A telling example: Faced with the tedious, manual process of loan data entry, Old National used AI to generate 90% of the code for a new Web-based workflow. “Microsoft Excel sheets don’t even exist anymore,” says McCammack. “Now, people have time for deep analysis that’s more rewarding and valuable to the business.”

“We encourage an environment where asking ‘why’ is valued,” Pessanha of Millennium adds. “Data scientists can then design experiments and models to test hypotheses and validate – or disprove – assumptions, potentially revealing breakthrough solutions.”

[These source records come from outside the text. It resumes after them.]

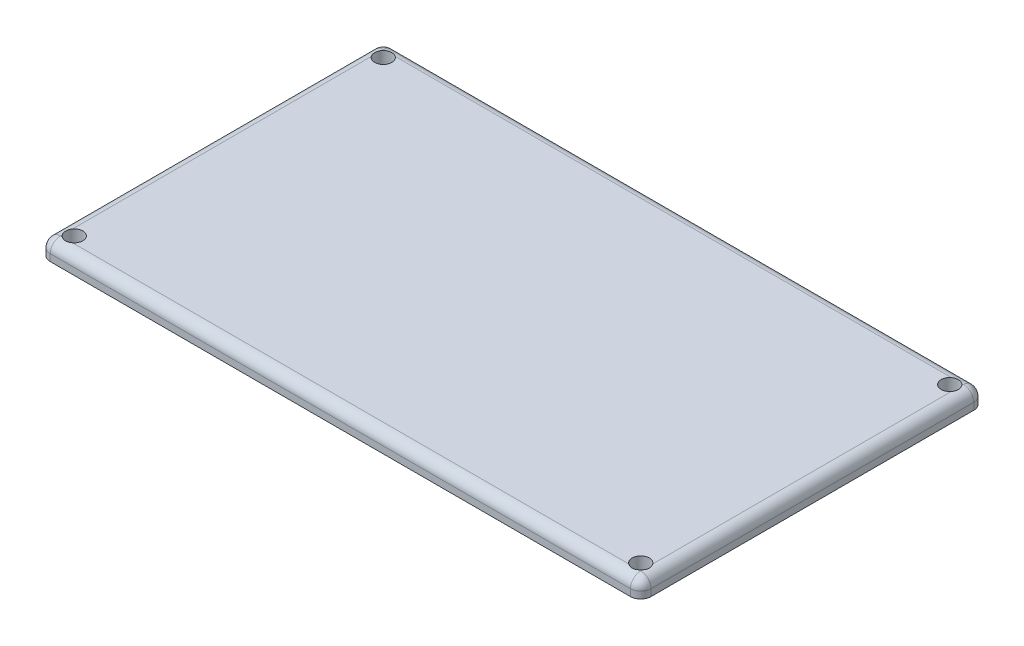
ISO-10303-21;
HEADER;
FILE_DESCRIPTION(('STEP AP214'),'2;1');
FILE_NAME('part.step','',(''),(''),'','','');
FILE_SCHEMA(('AUTOMOTIVE_DESIGN { 1 0 10303 214 1 1 1 1 }'));
ENDSEC;
DATA;
#1=APPLICATION_CONTEXT('core data for automotive mechanical design processes');
#2=APPLICATION_PROTOCOL_DEFINITION('international standard','automotive_design',2000,#1);
#3=PRODUCT_CONTEXT('',#1,'mechanical');
#4=PRODUCT('Part','Part','',(#3));
#5=PRODUCT_RELATED_PRODUCT_CATEGORY('part','',(#4));
#6=PRODUCT_DEFINITION_FORMATION('','',#4);
#7=PRODUCT_DEFINITION_CONTEXT('part definition',#1,'design');
#8=PRODUCT_DEFINITION('design','',#6,#7);
#9=PRODUCT_DEFINITION_SHAPE('','',#8);
#10=(LENGTH_UNIT() NAMED_UNIT(*) SI_UNIT(.MILLI.,.METRE.));
#11=(NAMED_UNIT(*) PLANE_ANGLE_UNIT() SI_UNIT($,.RADIAN.));
#12=(NAMED_UNIT(*) SI_UNIT($,.STERADIAN.) SOLID_ANGLE_UNIT());
#13=UNCERTAINTY_MEASURE_WITH_UNIT(LENGTH_MEASURE(1.E-05),#10,'distance_accuracy_value','');
#14=(GEOMETRIC_REPRESENTATION_CONTEXT(3) GLOBAL_UNCERTAINTY_ASSIGNED_CONTEXT((#13)) GLOBAL_UNIT_ASSIGNED_CONTEXT((#10,
#11,#12)) REPRESENTATION_CONTEXT('',''));
#15=CARTESIAN_POINT('',(0.,0.,0.));
#16=DIRECTION('',(0.,0.,1.));
#17=DIRECTION('',(1.,0.,0.));
#18=AXIS2_PLACEMENT_3D('',#15,#16,#17);
#19=CARTESIAN_POINT('',(0.,5.,0.));
#20=DIRECTION('',(0.,1.,0.));
#21=DIRECTION('',(0.,0.,1.));
#22=AXIS2_PLACEMENT_3D('',#19,#20,#21);
#23=PLANE('',#22);
#24=CARTESIAN_POINT('',(-82.5,5.,-45.));
#25=DIRECTION('',(0.,1.,0.));
#26=DIRECTION('',(0.,0.,1.));
#27=AXIS2_PLACEMENT_3D('',#24,#25,#26);
#28=CIRCLE('',#27,2.50000000000001);
#29=CARTESIAN_POINT('',(-84.5,5.,-43.5));
#30=VERTEX_POINT('',#29);
#31=CARTESIAN_POINT('',(-81.,5.,-47.));
#32=VERTEX_POINT('',#31);
#33=EDGE_CURVE('E165',#30,#32,#28,.T.);
#34=ORIENTED_EDGE('',*,*,#33,.F.);
#35=DIRECTION('',(0.,0.,1.));
#36=VECTOR('',#35,1.);
#37=CARTESIAN_POINT('',(-84.5,5.,50.));
#38=LINE('',#37,#36);
#39=CARTESIAN_POINT('',(-84.5,5.,43.5));
#40=VERTEX_POINT('',#39);
#41=EDGE_CURVE('E160',#30,#40,#38,.T.);
#42=ORIENTED_EDGE('',*,*,#41,.T.);
#43=CARTESIAN_POINT('',(-82.5,5.,45.));
#44=DIRECTION('',(0.,1.,0.));
#45=DIRECTION('',(0.,0.,-1.));
#46=AXIS2_PLACEMENT_3D('',#43,#44,#45);
#47=CIRCLE('',#46,2.5);
#48=CARTESIAN_POINT('',(-81.,5.,47.));
#49=VERTEX_POINT('',#48);
#50=EDGE_CURVE('E162',#49,#40,#47,.T.);
#51=ORIENTED_EDGE('',*,*,#50,.F.);
#52=DIRECTION('',(1.,0.,0.));
#53=VECTOR('',#52,1.);
#54=CARTESIAN_POINT('',(87.5,5.,47.));
#55=LINE('',#54,#53);
#56=CARTESIAN_POINT('',(81.,5.,47.));
#57=VERTEX_POINT('',#56);
#58=EDGE_CURVE('E275',#49,#57,#55,.T.);
#59=ORIENTED_EDGE('',*,*,#58,.T.);
#60=CARTESIAN_POINT('',(82.5,5.,45.));
#61=DIRECTION('',(0.,1.,0.));
#62=DIRECTION('',(0.,0.,1.));
#63=AXIS2_PLACEMENT_3D('',#60,#61,#62);
#64=CIRCLE('',#63,2.5);
#65=CARTESIAN_POINT('',(84.5,5.,43.5));
#66=VERTEX_POINT('',#65);
#67=EDGE_CURVE('E354',#66,#57,#64,.T.);
#68=ORIENTED_EDGE('',*,*,#67,.F.);
#69=DIRECTION('',(0.,0.,-1.));
#70=VECTOR('',#69,1.);
#71=CARTESIAN_POINT('',(84.5,5.,-50.));
#72=LINE('',#71,#70);
#73=CARTESIAN_POINT('',(84.5,5.,-43.5));
#74=VERTEX_POINT('',#73);
#75=EDGE_CURVE('E269',#66,#74,#72,.T.);
#76=ORIENTED_EDGE('',*,*,#75,.T.);
#77=CARTESIAN_POINT('',(82.5,5.,-45.));
#78=DIRECTION('',(0.,1.,0.));
#79=DIRECTION('',(0.,0.,-1.));
#80=AXIS2_PLACEMENT_3D('',#77,#78,#79);
#81=CIRCLE('',#80,2.50000000000001);
#82=CARTESIAN_POINT('',(81.,5.,-47.));
#83=VERTEX_POINT('',#82);
#84=EDGE_CURVE('E343',#83,#74,#81,.T.);
#85=ORIENTED_EDGE('',*,*,#84,.F.);
#86=DIRECTION('',(-1.,0.,0.));
#87=VECTOR('',#86,1.);
#88=CARTESIAN_POINT('',(-87.5,5.,-47.));
#89=LINE('',#88,#87);
#90=EDGE_CURVE('E257',#83,#32,#89,.T.);
#91=ORIENTED_EDGE('',*,*,#90,.T.);
#92=EDGE_LOOP('',(#34,#42,#51,#59,#68,#76,#85,#91));
#93=FACE_BOUND('',#92,.T.);
#94=ADVANCED_FACE('F34',(#93),#23,.T.);
#95=CARTESIAN_POINT('',(-84.5,5.,46.5));
#96=VERTEX_POINT('',#95);
#97=CARTESIAN_POINT('',(-83.9999999999999,5.,47.));
#98=VERTEX_POINT('',#97);
#99=EDGE_CURVE('E178',#96,#98,#47,.T.);
#100=ORIENTED_EDGE('',*,*,#99,.F.);
#101=DIRECTION('',(0.,0.,1.));
#102=VECTOR('',#101,1.);
#103=CARTESIAN_POINT('',(-84.5,5.,50.));
#104=LINE('',#103,#102);
#105=CARTESIAN_POINT('',(-84.5,5.,47.));
#106=VERTEX_POINT('',#105);
#107=EDGE_CURVE('E169',#96,#106,#104,.T.);
#108=ORIENTED_EDGE('',*,*,#107,.T.);
#109=DIRECTION('',(1.,0.,0.));
#110=VECTOR('',#109,1.);
#111=CARTESIAN_POINT('',(87.5,5.,47.));
#112=LINE('',#111,#110);
#113=EDGE_CURVE('E277',#106,#98,#112,.T.);
#114=ORIENTED_EDGE('',*,*,#113,.T.);
#115=EDGE_LOOP('',(#100,#108,#114));
#116=FACE_BOUND('',#115,.T.);
#117=ADVANCED_FACE('F281',(#116),#23,.T.);
#118=CARTESIAN_POINT('',(84.,5.,47.));
#119=VERTEX_POINT('',#118);
#120=CARTESIAN_POINT('',(84.5,5.,46.5));
#121=VERTEX_POINT('',#120);
#122=EDGE_CURVE('E348',#119,#121,#64,.T.);
#123=ORIENTED_EDGE('',*,*,#122,.F.);
#124=DIRECTION('',(1.,0.,0.));
#125=VECTOR('',#124,1.);
#126=CARTESIAN_POINT('',(87.5,5.,47.));
#127=LINE('',#126,#125);
#128=CARTESIAN_POINT('',(84.5,5.,47.));
#129=VERTEX_POINT('',#128);
#130=EDGE_CURVE('E273',#119,#129,#127,.T.);
#131=ORIENTED_EDGE('',*,*,#130,.T.);
#132=DIRECTION('',(0.,0.,-1.));
#133=VECTOR('',#132,1.);
#134=CARTESIAN_POINT('',(84.5,5.,-50.));
#135=LINE('',#134,#133);
#136=EDGE_CURVE('E271',#129,#121,#135,.T.);
#137=ORIENTED_EDGE('',*,*,#136,.T.);
#138=EDGE_LOOP('',(#123,#131,#137));
#139=FACE_BOUND('',#138,.T.);
#140=ADVANCED_FACE('F427',(#139),#23,.T.);
#141=CARTESIAN_POINT('',(84.5,5.,-46.5));
#142=VERTEX_POINT('',#141);
#143=CARTESIAN_POINT('',(84.,5.,-47.));
#144=VERTEX_POINT('',#143);
#145=EDGE_CURVE('E336',#142,#144,#81,.T.);
#146=ORIENTED_EDGE('',*,*,#145,.F.);
#147=DIRECTION('',(0.,0.,-1.));
#148=VECTOR('',#147,1.);
#149=CARTESIAN_POINT('',(84.5,5.,-50.));
#150=LINE('',#149,#148);
#151=CARTESIAN_POINT('',(84.5,5.,-47.));
#152=VERTEX_POINT('',#151);
#153=EDGE_CURVE('E267',#142,#152,#150,.T.);
#154=ORIENTED_EDGE('',*,*,#153,.T.);
#155=DIRECTION('',(-1.,0.,0.));
#156=VECTOR('',#155,1.);
#157=CARTESIAN_POINT('',(-87.5,5.,-47.));
#158=LINE('',#157,#156);
#159=EDGE_CURVE('E265',#152,#144,#158,.T.);
#160=ORIENTED_EDGE('',*,*,#159,.T.);
#161=EDGE_LOOP('',(#146,#154,#160));
#162=FACE_BOUND('',#161,.T.);
#163=ADVANCED_FACE('F335',(#162),#23,.T.);
#164=CARTESIAN_POINT('',(87.5,5.,-50.));
#165=DIRECTION('',(-1.,0.,0.));
#166=DIRECTION('',(0.,0.,1.));
#167=AXIS2_PLACEMENT_3D('',#164,#165,#166);
#168=PLANE('',#167);
#169=DIRECTION('',(0.,0.,-1.));
#170=VECTOR('',#169,1.);
#171=CARTESIAN_POINT('',(87.5,2.,50.));
#172=LINE('',#171,#170);
#173=CARTESIAN_POINT('',(87.5,2.,-47.));
#174=VERTEX_POINT('',#173);
#175=CARTESIAN_POINT('',(87.5,2.,47.));
#176=VERTEX_POINT('',#175);
#177=EDGE_CURVE('E461',#174,#176,#172,.F.);
#178=ORIENTED_EDGE('',*,*,#177,.T.);
#179=DIRECTION('',(0.,-1.,0.));
#180=VECTOR('',#179,1.);
#181=CARTESIAN_POINT('',(87.5,5.,47.));
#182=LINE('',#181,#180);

Banorte is seeing similar innovation gains, according to Izquierdo: “We can make strategic decisions for the short-term, medium-term, and long-term based on facts, data, and modeling. We’re able to better pivot and respond directly to volatility or to complexity in markets.”

 

Lesson 5: Stay curious, stay connected, stay innovative

There’s nothing set-it-and-forget-it about AI. AI is an ongoing journey of experimentation, feedback, and adaptation. Banking leaders also stress the importance of connecting with others – both internal stakeholders and external parties – to keep pace with AI’s rapid evolution, from today’s GenAI deployments to tomorrow’s agentic and quantum AI innovations.

“We’re looking to connect more with academics and startups to understand what they are focusing on,” says Millennium’s Pessanha.

“We’ve started pursuing a strategy where we are building a whole suite of light applications where AI is used to build the source code,” says McCammack of Old National. “If you want to scale that and roll it out to the enterprise, you need a full code base – and GenAI is exceptionally helpful in developing it.”

Cosentini of Intesa Sanpaolo echoes the same trend: “GenAI can fuel innovation by generating new ideas and solutions, helping us stay ahead of the competition and adapt to changing market conditions. However, its full potential is realised only when guided by human oversight ensuring that creativity, responsibility, and strategic judgment remain at the centre of the process.”

Banorte is also stretching its use of GenAI, says Izquierdo: “Generative AI will play an important role for us in strengthening our cybersecurity posture and fostering business continuity.”